### Problem requirements
Copy out each line in the listing below where the word "picture" appears.

### Data for review
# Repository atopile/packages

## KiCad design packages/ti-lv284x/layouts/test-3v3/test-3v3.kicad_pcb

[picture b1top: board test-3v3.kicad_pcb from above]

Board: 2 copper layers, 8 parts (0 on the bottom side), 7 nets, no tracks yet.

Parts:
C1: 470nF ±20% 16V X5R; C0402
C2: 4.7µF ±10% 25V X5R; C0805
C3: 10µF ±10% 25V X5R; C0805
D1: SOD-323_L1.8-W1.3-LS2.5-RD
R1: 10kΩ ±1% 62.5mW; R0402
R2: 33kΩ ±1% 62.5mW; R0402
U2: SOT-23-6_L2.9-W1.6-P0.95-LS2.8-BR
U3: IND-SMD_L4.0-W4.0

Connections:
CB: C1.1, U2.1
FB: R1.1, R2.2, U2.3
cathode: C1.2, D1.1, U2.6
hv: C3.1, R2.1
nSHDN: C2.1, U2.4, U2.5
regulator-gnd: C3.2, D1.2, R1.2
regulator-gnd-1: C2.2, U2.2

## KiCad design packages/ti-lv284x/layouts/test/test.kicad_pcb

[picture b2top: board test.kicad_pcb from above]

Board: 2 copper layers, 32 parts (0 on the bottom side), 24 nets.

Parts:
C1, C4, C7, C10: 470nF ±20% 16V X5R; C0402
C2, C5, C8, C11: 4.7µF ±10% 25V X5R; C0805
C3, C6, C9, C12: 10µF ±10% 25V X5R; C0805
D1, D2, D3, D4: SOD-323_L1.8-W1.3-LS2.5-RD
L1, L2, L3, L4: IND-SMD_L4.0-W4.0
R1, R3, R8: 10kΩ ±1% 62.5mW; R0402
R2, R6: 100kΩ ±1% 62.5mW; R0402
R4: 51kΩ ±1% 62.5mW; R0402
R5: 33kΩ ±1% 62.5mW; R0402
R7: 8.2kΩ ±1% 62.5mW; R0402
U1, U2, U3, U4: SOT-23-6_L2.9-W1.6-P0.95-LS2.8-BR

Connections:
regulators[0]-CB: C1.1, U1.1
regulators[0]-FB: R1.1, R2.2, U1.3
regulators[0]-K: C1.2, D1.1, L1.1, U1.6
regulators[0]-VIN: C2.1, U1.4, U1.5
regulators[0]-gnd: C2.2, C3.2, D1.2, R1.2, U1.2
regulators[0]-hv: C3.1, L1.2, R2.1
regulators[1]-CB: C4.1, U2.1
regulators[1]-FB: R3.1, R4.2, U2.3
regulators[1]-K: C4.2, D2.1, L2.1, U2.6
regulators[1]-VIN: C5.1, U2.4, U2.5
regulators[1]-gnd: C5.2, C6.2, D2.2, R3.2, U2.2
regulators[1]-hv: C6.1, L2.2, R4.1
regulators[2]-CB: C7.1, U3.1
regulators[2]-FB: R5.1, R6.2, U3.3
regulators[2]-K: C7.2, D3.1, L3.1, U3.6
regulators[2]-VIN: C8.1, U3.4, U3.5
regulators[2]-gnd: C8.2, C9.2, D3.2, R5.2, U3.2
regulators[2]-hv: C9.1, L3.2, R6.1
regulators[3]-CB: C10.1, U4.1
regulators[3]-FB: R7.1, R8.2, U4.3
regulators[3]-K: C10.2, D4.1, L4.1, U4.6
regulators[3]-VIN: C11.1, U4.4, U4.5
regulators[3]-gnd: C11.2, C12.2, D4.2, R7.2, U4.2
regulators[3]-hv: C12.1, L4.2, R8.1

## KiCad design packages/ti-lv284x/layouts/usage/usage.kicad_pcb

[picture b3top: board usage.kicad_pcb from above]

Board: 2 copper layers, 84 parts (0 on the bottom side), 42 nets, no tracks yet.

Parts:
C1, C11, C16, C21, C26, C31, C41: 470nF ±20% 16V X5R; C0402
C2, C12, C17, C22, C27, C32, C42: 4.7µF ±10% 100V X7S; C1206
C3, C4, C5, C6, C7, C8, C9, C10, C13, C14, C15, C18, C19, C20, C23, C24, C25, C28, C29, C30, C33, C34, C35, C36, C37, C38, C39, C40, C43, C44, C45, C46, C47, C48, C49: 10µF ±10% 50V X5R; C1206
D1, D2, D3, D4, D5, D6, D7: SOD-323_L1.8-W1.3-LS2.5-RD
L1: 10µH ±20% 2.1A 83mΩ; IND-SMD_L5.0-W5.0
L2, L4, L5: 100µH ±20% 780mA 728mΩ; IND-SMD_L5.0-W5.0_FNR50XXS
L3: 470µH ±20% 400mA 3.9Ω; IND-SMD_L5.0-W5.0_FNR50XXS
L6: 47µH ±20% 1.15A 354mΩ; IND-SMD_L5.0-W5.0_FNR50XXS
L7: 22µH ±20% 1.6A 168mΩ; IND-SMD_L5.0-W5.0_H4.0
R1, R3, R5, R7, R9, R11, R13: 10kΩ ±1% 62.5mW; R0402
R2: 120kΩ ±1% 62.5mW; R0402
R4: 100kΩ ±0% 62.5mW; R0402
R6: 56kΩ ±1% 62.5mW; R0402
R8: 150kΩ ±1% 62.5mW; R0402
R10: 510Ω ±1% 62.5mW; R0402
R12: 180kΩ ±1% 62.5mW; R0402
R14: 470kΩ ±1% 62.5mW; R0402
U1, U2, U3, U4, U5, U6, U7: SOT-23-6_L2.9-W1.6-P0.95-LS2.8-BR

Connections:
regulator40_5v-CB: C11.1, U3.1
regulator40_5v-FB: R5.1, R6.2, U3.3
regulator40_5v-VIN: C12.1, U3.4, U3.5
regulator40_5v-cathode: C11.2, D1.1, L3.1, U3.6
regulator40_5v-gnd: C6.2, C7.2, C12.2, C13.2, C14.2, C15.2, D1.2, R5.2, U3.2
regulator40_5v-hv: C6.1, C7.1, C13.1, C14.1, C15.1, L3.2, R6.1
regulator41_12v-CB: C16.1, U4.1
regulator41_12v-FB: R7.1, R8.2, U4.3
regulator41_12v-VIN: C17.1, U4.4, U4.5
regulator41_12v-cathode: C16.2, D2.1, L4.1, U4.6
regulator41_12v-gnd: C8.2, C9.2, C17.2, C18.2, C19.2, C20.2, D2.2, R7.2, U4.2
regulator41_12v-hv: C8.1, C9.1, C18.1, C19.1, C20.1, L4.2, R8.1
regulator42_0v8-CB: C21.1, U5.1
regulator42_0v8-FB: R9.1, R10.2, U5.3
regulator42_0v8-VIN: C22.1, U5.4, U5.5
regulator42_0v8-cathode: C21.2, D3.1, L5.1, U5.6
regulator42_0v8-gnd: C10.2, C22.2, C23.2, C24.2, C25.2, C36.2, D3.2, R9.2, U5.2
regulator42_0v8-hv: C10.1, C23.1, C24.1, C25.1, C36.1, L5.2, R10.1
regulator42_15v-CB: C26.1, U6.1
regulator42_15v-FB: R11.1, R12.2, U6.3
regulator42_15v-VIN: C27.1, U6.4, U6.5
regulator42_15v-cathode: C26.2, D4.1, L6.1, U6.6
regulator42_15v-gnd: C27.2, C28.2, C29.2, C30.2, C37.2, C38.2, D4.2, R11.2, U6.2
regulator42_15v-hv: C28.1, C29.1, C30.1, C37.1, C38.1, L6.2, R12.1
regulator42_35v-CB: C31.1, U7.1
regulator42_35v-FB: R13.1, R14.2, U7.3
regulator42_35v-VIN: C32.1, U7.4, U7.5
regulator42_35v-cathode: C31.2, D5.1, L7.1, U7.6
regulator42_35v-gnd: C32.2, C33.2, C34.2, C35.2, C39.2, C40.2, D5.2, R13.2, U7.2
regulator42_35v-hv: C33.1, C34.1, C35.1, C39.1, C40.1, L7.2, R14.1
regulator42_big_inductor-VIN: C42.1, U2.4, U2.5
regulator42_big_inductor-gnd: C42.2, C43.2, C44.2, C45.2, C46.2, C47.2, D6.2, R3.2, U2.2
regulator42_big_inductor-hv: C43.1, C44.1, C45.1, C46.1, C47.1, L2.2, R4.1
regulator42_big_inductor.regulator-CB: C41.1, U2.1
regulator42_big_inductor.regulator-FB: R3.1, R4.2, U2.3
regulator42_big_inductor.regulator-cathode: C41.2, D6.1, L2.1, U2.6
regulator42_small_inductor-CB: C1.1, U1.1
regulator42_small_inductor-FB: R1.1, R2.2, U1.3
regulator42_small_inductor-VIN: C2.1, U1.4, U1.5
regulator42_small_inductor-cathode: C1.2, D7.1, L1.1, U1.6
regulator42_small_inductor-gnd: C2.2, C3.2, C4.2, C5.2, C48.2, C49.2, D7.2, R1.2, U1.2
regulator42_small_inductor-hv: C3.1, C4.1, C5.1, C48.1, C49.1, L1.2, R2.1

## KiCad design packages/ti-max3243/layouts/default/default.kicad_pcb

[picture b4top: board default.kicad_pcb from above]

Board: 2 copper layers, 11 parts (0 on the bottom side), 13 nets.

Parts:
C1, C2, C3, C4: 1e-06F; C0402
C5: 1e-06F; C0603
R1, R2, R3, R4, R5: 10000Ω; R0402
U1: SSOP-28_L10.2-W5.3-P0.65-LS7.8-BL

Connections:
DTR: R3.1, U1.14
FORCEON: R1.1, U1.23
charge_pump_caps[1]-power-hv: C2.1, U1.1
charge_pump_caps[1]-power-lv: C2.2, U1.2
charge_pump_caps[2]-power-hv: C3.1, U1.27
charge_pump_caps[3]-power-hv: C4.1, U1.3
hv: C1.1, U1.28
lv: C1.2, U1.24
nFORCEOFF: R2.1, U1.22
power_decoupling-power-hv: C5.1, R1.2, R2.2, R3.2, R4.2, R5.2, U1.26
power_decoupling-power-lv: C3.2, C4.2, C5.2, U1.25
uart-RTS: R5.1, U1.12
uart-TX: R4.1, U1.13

### Solved exercise
[picture b1top: board test-3v3.kicad_pcb from above]
[picture b2top: board test.kicad_pcb from above]
[picture b3top: board usage.kicad_pcb from above]
[picture b4top: board default.kicad_pcb from above]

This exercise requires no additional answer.